Materials. First, the assessment method, developed over three iterations, incorporates the psychomotor (i.e., surgical skill) and cognitive (i.e., understanding of surgery) learning domains. Specifically, attendings make Likert ratings (1-4) of resident skill by noting the extent to which the resident needed help at surgery (i.e., Zwisch scale: show & tell, active help, passive help, or supervise only) and of resident understanding by noting the ability to name key surgical features (e.g., surgery plan, tissues handled). Next, the index cases were chosen as inguinal approach to repair hernia, hydrocele, and undescended testis. Last, tools for e-learning learning and testing were built as mixed media.
Study Design. The study was a non-randomized prospective test as follows. Pediatric Urology attendings were enrolled as study subjects. They did not cross communicate. After e-learning the assessment method, they were tested on their assessments of residents doing the index surgeries as shown in 20 video clips. Data was analyzed for consensus in assessments between attendings (i.e., inter-rater reliability).
RESULTS:
There were 11 Pediatric Urologists enrolled. All completed the e-learning phase in less than 1 hour and agreed or strongly agreed that the e-learning was effective. The testing phase was completed over the next 8 weeks and provided the following data. Of 89 ratings of skill, 56 (65%) matched exactly and 89 (100%) matched within one level above or below. Similarly, of 264 ratings of understanding, 169 (64%) matched exactly and 253 (96%) matched within one level above or below.
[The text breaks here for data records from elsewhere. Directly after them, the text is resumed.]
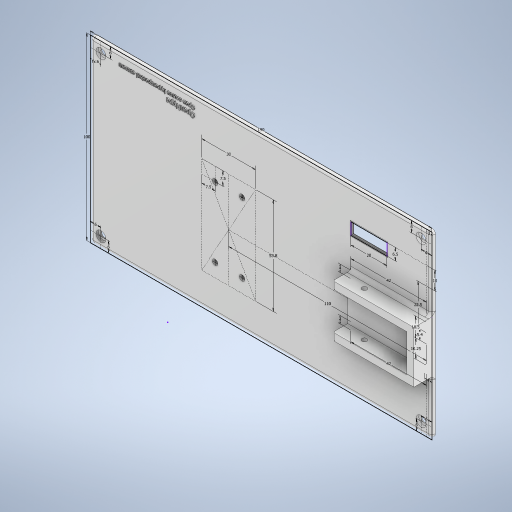
# Autodesk Inventor part: BoxCover
Saved by Autodesk Inventor 2023 (Build 270158000, 158)
## iProperties
Created: 2022-10-22
Part Number: BoxCover
Material: ABS Plastic
Document SubType Name: Modeling
Designer: Miner
Density: 1.06 g/cm^3
Appearance: Smooth - White
Author: Miner
Autodesk Inventor part; units mm, degrees
(part 1 of 2)
ref_plane "YZ Plane" through (0, 0, 0) normal (1, 0, 0) x (0, 1, 0)
ref_plane "XZ Plane" through (0, 0, 0) normal (0, 1, 0) x (-1, 0, 0)
ref_plane "XY Plane" through (0, 0, 0) normal (0, 0, 1) x (1, 0, 0)
sketch "Sketch1" plane through (0, 0, 0) normal (0, 0, 1) x (1, 0, 0)
  line L0 (0, 0) -> (-190, 0)
  line L1 (-190, 0) -> (-190, 100)
  line L2 (-190, 100) -> (0, 100)
  line L3 (0, 100) -> (0, 0)
  line L4 (0, 100) -> (-3, 100) construction
  line L5 (-3, 100) -> (-3, 0) construction
  line L6 (-3, 50) -> (-3, 44.6) construction
  line L7 (-3, 44.6) -> (-37.3438, 44.6) construction
  line L8 (-3, 44.6) -> (-3, 34.35) construction
  line L9 (-3, 34.35) -> (-45, 34.35)
  line L10 (-45, 34.35) -> (-45, 30.35)
  line L11 (-45, 30.35) -> (-3, 30.35)
  line L12 (-3, 30.35) -> (-3, 34.35)
  line L13 (-3, 44.6) -> (-3, 55.1) construction
  line L14 (-3, 55.1) -> (-45, 55.1)
  line L15 (-45, 55.1) -> (-45, 59.1)
  line L16 (-45, 59.1) -> (-3, 59.1)
  line L17 (-3, 59.1) -> (-3, 55.1)
  line L18 (0, 59.1) -> (-4, 59.1)
  line L19 (-4, 59.1) -> (-4, 30.35)
  line L20 (-4, 30.35) -> (0, 30.35)
  line L21 (0, 30.35) -> (0, 59.1)
  line L22 (-3, 44.6) -> (-113, 44.6) construction
  line L23 (-128, 17.7) -> (-98, 17.7) construction
  line L24 (-98, 17.7) -> (-98, 71.5) construction
  line L25 (-98, 71.5) -> (-128, 71.5) construction
  line L26 (-128, 71.5) -> (-128, 17.7) construction
  line L27 (-128, 17.7) -> (-98, 71.5) construction
  line L28 (-98, 17.7) -> (-128, 71.5) construction
  line L29 (-128, 71.5) -> (-120.5, 71.5) construction
  line L30 (-120.5, 71.5) -> (-120.5, 64) construction
  line L31 (-120.5, 64) -> (-128, 64) construction
  line L32 (-128, 64) -> (-128, 71.5) construction
  line L33 (-113, 71.5) -> (-113, 17.7) construction
  line L34 (-190, 100) -> (-184, 100) construction
  line L35 (-184, 100) -> (-184, 94) construction
  line L36 (-184, 94) -> (-190, 94) construction
  line L37 (-190, 94) -> (-190, 100) construction
  line L38 (0, 100) -> (-6, 100) construction
  line L39 (-6, 100) -> (-6, 94) construction
  line L40 (-6, 94) -> (0, 94) construction
  line L41 (0, 94) -> (0, 100) construction
  line L42 (0, 0) -> (-6, 0) construction
  line L43 (-6, 0) -> (-6, 6) construction
  line L44 (-6, 6) -> (0, 6) construction
  line L45 (0, 6) -> (0, 0) construction
  line L46 (-190, 0) -> (-184, 0) construction
  line L47 (-184, 0) -> (-184, 6) construction
  line L48 (-184, 6) -> (-190, 6) construction
  line L49 (-190, 6) -> (-190, 0) construction
  line L50 (-4, 55.1) -> (-45, 55.1)
  line L51 (-45, 55.1) -> (-45, 34.35)
  line L52 (-45, 34.35) -> (-4, 34.35)
  line L53 (-4, 34.35) -> (-4, 55.1)
  line L54 (-3, 50) -> (-3, 72.5) construction
  line L55 (-3, 72.5) -> (-3, 82.5) construction
  line L56 (-3, 82.5) -> (-45, 82.5) construction
  line L57 (-45, 82.5) -> (-25, 82.5) construction
  line L58 (-25, 82.5) -> (-25, 76)
  line L59 (-25, 76) -> (-45, 76)
  line L60 (-45, 76) -> (-45, 82.5)
  line L61 (-45, 82.5) -> (-25, 82.5)
  line L62 (-131.617, 88.8001) -> (-198.0641, 88.8001) construction
  line L63 (-198.0641, 88.8001) -> (-198.0641, 103.0152) construction
  line L64 (-198.0641, 103.0152) -> (-131.617, 103.0152) construction
  line L65 (-131.617, 103.0152) -> (-131.617, 88.8001) construction
  spline S0 degree 2 poles (-133.6389, 89.1384) (-133.7807, 89.3045) (-133.9387, 89.7908) (-133.9387, 90.1028) knots 0 0 0 1 2 2 2
  spline S1 degree 2 poles (-133.9387, 90.1028) (-133.9387, 90.4066) (-133.7847, 90.899) (-133.6389, 91.0651) knots 0 0 0 1 2 2 2
  spline S2 degree 2 poles (-133.6389, 91.0651) (-133.4849, 91.2393) (-133.0777, 91.4054) (-132.8326, 91.4054) knots 0 0 0 1 2 2 2
  spline S3 degree 2 poles (-132.8326, 91.4054) (-132.5793, 91.4054) (-132.1741, 91.2332) (-132.0262, 91.0651) knots 0 0 0 1 2 2 2
  spline S4 degree 2 poles (-132.0262, 91.0651) (-131.8824, 90.899) (-131.7284, 90.4107) (-131.7284, 90.1028) knots 0 0 0 1 2 2 2
  spline S5 degree 2 poles (-131.7284, 90.1028) (-131.7284, 89.7887) (-131.8844, 89.3106) (-132.0283, 89.1384) knots 0 0 0 1 2 2 2
  spline S6 degree 2 poles (-132.0283, 89.1384) (-132.1741, 88.9723) (-132.5813, 88.8001) (-132.8326, 88.8001) knots 0 0 0 1 2 2 2
  spline S7 degree 2 poles (-132.8326, 88.8001) (-133.0878, 88.8001) (-133.4971, 88.9784) (-133.6389, 89.1384) knots 0 0 0 1 2 2 2
  spline S8 degree 2 poles (-133.5923, 90.1028) (-133.5923, 89.8556) (-133.4849, 89.4727) (-133.3877, 89.3471) knots 0 0 0 1 2 2 2
  spline S9 degree 2 poles (-133.3877, 89.3471) (-133.2884, 89.2174) (-133.0088, 89.0878) (-132.8346, 89.0878) knots 0 0 0 1 2 2 2
  spline S10 degree 2 poles (-132.8346, 89.0878) (-132.6543, 89.0878) (-132.3828, 89.2134) (-132.2795, 89.3471) knots 0 0 0 1 2 2 2
  spline S11 degree 2 poles (-132.2795, 89.3471) (-132.1802, 89.4747) (-132.0749, 89.8596) (-132.0749, 90.1028) knots 0 0 0 1 2 2 2
  spline S12 degree 2 poles (-132.0749, 90.1028) (-132.0749, 90.5951) (-132.4881, 91.1178) (-132.8346, 91.1178) knots 0 0 0 1 2 2 2
  spline S13 degree 2 poles (-132.8346, 91.1178) (-133.181, 91.1178) (-133.5923, 90.5951) (-133.5923, 90.1028) knots 0 0 0 1 2 2 2
  spline S14 degree 2 poles (-135.8512, 90.3641) (-135.8512, 90.8341) (-135.4035, 91.3892) (-135.0611, 91.3892) knots 0 0 0 1 2 2 2
  spline S15 degree 2 poles (-135.0611, 91.3892) (-134.9213, 91.3892) (-134.7065, 91.3244) (-134.5951, 91.2575) knots 0 0 0 1 2 2 2
  line L66 (-134.5951, 91.2575) -> (-134.5951, 92.0436)
  line L67 (-134.5951, 92.0436) -> (-134.2791, 92.0436)
  line L68 (-134.2791, 92.0436) -> (-134.2791, 89.4767)
  line L69 (-134.2791, 89.4767) -> (-134.5951, 89.4767)
  line L70 (-134.5951, 89.4767) -> (-134.5951, 89.6733)
  spline S16 degree 2 poles (-134.5951, 89.6733) (-134.7126, 89.5659) (-135.0003, 89.4241) (-135.1685, 89.4241) knots 0 0 0 1 2 2 2
  spline S17 degree 2 poles (-135.1685, 89.4241) (-135.4906, 89.4241) (-135.8512, 89.9346) (-135.8512, 90.3641) knots 0 0 0 1 2 2 2
  spline S18 degree 2 poles (-135.525, 90.4006) (-135.525, 90.0784) (-135.3204, 89.7239) (-135.0915, 89.7239) knots 0 0 0 1 2 2 2
  spline S19 degree 2 poles (-135.0915, 89.7239) (-134.9578, 89.7239) (-134.7065, 89.8434) (-134.5951, 89.9366) knots 0 0 0 1 2 2 2
  line L71 (-134.5951, 89.9366) -> (-134.5951, 91.0023)
  spline S20 degree 2 poles (-134.5951, 91.0023) (-134.7187, 91.061) (-134.895, 91.1056) (-135.0084, 91.1056) knots 0 0 0 1 2 2 2
  spline S21 degree 2 poles (-135.0084, 91.1056) (-135.2535, 91.1056) (-135.525, 90.745) (-135.525, 90.4006) knots 0 0 0 1 2 2 2
  spline S22 degree 2 poles (-136.9938, 91.3953) (-136.5441, 91.3953) (-136.0497, 90.8908) (-136.0497, 90.4249) knots 0 0 0 1 2 2 2
  spline S23 degree 2 poles (-136.0497, 90.4249) (-136.0497, 89.967) (-136.5299, 89.4241) (-136.9168, 89.4241) knots 0 0 0 1 2 2 2
  spline S24 degree 2 poles (-136.9168, 89.4241) (-137.0911, 89.4241) (-137.3605, 89.5254) (-137.4598, 89.6327) knots 0 0 0 1 2 2 2
  spline S25 degree 2 poles (-137.4598, 89.6327) (-137.5611, 89.7401) (-137.6685, 90.0501) (-137.6685, 90.275) knots 0 0 0 1 2 2 2
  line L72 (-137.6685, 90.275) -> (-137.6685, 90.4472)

In aggregate, these ratings showed exact matches in 64% and matches within one level in 97%. Analysis of inter-rater reliability showed strong consensus between attendings in ratings of both skill (ICC= 0.71, CI 0.46-0.95, p = 0.03) and understanding (ICC = 0.86, CI 0.67-0.96, p < 0.001).
CONCLUSIONS:
We have demonstrated that attendings who e-learn "how to assess residents doing surgery" show strong consensus between each other. We expect e-learning will provide the basis to generalize teaching how to assess residents doing surgery. We plan to expand use of these tools to the real time operating room so as to enable attendings to provide feedback/remediation and residents to track their progress during training.